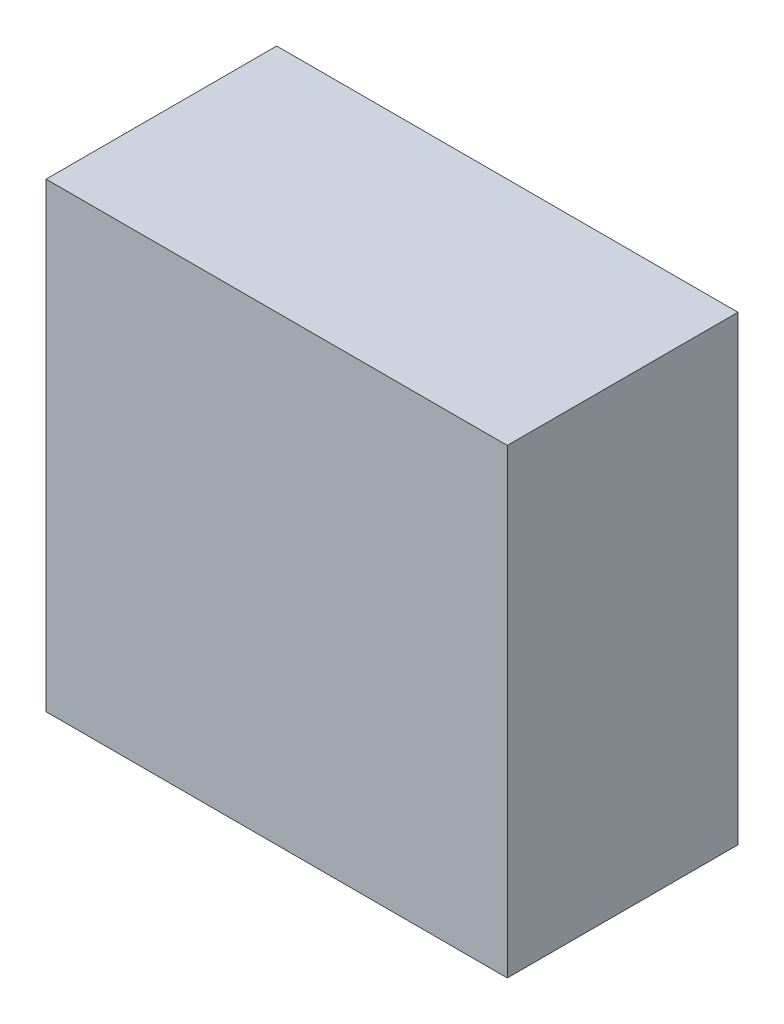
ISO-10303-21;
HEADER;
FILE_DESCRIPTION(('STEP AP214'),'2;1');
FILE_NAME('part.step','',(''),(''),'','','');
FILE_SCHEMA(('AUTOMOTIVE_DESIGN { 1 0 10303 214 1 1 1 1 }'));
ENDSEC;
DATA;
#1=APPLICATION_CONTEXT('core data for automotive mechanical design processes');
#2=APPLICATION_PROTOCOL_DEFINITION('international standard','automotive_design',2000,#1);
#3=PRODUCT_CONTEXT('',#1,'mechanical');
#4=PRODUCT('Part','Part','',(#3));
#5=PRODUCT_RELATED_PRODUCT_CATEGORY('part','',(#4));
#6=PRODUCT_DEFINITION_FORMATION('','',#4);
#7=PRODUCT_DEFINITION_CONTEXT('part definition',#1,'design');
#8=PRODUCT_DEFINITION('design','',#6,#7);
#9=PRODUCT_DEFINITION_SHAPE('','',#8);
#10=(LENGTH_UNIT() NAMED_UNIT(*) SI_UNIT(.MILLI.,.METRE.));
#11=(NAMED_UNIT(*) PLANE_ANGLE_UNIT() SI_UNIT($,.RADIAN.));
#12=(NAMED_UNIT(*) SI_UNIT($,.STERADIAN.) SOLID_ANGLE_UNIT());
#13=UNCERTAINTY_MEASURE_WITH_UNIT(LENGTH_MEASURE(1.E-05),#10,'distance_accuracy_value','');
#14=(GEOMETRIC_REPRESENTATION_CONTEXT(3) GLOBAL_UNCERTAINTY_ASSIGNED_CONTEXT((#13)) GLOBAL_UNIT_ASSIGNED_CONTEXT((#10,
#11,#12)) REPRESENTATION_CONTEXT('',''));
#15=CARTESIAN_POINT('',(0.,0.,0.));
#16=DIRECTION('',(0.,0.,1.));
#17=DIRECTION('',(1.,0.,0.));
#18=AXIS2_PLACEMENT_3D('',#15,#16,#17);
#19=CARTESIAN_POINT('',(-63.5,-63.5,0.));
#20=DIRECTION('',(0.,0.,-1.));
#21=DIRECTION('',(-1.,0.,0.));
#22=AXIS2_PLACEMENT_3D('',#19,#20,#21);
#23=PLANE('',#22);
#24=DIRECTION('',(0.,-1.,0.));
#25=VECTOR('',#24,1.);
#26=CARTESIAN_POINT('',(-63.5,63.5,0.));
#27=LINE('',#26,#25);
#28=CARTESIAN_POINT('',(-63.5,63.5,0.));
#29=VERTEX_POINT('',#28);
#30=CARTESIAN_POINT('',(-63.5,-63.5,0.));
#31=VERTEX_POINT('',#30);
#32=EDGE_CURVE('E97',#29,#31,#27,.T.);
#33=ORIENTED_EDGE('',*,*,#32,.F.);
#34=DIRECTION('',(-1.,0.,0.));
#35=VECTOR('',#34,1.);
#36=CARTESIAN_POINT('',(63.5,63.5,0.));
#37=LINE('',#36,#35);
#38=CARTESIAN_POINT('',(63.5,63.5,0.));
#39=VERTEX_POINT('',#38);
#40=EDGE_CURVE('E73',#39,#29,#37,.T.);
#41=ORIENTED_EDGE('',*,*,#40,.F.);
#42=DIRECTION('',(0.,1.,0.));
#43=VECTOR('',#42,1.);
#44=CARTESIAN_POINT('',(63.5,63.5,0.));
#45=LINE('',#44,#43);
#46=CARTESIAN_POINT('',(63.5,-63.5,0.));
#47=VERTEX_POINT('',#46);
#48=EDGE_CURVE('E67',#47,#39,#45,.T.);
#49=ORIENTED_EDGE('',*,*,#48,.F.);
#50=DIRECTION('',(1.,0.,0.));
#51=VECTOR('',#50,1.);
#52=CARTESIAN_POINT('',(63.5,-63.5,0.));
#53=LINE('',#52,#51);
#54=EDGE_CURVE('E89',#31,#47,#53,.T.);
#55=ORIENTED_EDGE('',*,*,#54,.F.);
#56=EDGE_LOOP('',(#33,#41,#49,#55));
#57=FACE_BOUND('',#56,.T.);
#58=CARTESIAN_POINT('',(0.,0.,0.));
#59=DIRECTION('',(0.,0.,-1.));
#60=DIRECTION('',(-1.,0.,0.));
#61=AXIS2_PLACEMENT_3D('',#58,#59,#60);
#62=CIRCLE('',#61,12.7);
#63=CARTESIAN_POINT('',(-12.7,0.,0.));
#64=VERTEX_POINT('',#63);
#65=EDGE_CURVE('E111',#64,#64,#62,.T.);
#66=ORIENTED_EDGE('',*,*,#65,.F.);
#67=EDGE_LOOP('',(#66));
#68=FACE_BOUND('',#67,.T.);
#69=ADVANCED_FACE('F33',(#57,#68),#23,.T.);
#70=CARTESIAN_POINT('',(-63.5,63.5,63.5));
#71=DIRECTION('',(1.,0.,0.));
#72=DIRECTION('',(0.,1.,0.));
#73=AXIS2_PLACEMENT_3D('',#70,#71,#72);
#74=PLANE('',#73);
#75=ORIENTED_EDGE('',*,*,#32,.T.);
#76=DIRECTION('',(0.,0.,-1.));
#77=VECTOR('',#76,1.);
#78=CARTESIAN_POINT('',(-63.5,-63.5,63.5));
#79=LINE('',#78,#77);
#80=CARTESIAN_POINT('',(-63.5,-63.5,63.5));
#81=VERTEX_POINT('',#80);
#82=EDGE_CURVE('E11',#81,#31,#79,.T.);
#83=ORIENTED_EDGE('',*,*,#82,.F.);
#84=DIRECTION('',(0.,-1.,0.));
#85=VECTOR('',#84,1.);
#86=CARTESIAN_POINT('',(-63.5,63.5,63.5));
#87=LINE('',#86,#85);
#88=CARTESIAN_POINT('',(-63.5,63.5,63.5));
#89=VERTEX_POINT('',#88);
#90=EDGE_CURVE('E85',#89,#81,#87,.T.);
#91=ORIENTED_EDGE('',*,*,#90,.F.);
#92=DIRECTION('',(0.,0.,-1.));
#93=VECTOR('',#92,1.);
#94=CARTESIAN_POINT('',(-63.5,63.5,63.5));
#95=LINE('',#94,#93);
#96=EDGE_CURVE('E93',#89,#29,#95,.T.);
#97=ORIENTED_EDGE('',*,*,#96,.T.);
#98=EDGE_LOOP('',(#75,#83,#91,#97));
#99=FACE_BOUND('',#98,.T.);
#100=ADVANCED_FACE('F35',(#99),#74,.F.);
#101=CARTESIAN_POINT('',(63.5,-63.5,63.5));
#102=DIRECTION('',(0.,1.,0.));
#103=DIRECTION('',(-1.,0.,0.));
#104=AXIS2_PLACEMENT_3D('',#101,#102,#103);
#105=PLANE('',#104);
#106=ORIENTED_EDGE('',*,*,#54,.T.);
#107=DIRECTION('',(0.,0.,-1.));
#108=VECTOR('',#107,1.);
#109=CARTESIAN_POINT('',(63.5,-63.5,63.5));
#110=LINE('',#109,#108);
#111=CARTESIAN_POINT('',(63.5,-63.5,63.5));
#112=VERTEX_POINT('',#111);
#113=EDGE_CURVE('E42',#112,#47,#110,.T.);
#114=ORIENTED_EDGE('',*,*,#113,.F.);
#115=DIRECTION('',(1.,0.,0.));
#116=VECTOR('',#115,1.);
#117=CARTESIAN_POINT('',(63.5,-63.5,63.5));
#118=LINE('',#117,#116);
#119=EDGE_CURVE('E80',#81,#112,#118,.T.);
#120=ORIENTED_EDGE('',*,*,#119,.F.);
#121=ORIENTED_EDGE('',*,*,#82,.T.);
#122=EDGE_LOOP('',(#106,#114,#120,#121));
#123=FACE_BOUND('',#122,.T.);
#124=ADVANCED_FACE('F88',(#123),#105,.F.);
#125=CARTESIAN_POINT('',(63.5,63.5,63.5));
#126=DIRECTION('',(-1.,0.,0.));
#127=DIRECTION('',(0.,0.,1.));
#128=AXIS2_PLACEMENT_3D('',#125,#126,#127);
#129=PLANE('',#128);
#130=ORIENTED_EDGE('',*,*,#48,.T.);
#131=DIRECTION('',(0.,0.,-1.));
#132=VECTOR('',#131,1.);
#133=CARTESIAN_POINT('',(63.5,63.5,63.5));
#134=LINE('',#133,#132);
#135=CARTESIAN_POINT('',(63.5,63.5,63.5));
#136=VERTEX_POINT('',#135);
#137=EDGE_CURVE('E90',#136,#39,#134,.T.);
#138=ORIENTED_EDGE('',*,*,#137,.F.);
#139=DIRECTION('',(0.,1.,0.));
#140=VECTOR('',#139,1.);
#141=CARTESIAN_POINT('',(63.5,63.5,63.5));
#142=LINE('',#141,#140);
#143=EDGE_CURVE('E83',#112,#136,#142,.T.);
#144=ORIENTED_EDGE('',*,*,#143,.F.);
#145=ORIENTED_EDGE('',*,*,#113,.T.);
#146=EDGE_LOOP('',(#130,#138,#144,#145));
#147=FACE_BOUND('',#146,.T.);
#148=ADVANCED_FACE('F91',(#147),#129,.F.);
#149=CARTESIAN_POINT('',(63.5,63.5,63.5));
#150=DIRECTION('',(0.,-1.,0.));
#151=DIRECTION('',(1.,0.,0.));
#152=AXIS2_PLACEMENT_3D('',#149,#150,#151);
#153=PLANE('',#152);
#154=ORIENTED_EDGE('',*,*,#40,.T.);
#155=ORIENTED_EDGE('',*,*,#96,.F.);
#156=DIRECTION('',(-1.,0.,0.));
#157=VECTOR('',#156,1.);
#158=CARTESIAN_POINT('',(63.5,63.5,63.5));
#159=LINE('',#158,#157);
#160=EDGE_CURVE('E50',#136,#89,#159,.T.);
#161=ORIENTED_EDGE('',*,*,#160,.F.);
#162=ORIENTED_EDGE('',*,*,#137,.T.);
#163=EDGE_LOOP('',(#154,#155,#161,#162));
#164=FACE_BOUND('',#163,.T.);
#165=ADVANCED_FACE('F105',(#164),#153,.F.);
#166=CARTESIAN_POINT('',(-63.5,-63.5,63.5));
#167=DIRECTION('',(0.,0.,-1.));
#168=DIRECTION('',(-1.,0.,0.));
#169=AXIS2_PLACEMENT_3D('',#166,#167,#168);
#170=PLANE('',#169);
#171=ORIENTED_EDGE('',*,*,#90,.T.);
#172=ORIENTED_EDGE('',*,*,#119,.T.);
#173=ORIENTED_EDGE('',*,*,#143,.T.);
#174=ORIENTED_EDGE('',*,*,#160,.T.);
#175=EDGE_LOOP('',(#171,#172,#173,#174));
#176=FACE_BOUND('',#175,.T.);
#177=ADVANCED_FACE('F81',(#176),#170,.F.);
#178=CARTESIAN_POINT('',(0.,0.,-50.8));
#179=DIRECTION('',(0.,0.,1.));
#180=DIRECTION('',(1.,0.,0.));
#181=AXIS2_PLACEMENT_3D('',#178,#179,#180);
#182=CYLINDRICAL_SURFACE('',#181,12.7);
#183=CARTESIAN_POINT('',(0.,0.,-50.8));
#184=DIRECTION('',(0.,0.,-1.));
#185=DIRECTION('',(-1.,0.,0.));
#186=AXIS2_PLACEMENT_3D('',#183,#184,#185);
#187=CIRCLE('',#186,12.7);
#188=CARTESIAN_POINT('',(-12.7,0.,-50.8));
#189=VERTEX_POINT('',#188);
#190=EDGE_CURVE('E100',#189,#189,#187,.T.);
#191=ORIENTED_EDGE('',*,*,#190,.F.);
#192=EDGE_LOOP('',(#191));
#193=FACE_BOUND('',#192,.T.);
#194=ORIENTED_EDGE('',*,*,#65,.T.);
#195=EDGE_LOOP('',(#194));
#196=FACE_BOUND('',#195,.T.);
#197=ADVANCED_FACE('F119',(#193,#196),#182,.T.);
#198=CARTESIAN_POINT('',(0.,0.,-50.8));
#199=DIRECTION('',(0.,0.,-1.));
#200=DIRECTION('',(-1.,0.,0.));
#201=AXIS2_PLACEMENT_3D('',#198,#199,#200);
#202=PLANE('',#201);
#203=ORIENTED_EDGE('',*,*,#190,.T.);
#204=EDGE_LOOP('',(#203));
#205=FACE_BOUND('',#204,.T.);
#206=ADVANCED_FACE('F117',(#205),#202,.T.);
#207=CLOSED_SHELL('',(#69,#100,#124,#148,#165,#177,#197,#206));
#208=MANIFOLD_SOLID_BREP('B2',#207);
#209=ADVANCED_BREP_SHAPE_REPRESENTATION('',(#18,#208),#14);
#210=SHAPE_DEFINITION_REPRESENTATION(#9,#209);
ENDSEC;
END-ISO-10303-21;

-*-*-

> [What is expected]: In the listing above, find the line with "#6=PRODUCT_DEFINITION_FORMATION('','',#4);" and the line with "#21=DIRECTION('',(-1.,0.,0.));". Output those two lines and every line between them, exactly as written.

> [Result for this task]:
#6=PRODUCT_DEFINITION_FORMATION('','',#4);
#7=PRODUCT_DEFINITION_CONTEXT('part definition',#1,'design');
#8=PRODUCT_DEFINITION('design','',#6,#7);
#9=PRODUCT_DEFINITION_SHAPE('','',#8);
#10=(LENGTH_UNIT() NAMED_UNIT(*) SI_UNIT(.MILLI.,.METRE.));
#11=(NAMED_UNIT(*) PLANE_ANGLE_UNIT() SI_UNIT($,.RADIAN.));
#12=(NAMED_UNIT(*) SI_UNIT($,.STERADIAN.) SOLID_ANGLE_UNIT());
#13=UNCERTAINTY_MEASURE_WITH_UNIT(LENGTH_MEASURE(1.E-05),#10,'distance_accuracy_value','');
#14=(GEOMETRIC_REPRESENTATION_CONTEXT(3) GLOBAL_UNCERTAINTY_ASSIGNED_CONTEXT((#13)) GLOBAL_UNIT_ASSIGNED_CONTEXT((#10,
#11,#12)) REPRESENTATION_CONTEXT('',''));
#15=CARTESIAN_POINT('',(0.,0.,0.));
#16=DIRECTION('',(0.,0.,1.));
#17=DIRECTION('',(1.,0.,0.));
#18=AXIS2_PLACEMENT_3D('',#15,#16,#17);
#19=CARTESIAN_POINT('',(-63.5,-63.5,0.));
#20=DIRECTION('',(0.,0.,-1.));
#21=DIRECTION('',(-1.,0.,0.));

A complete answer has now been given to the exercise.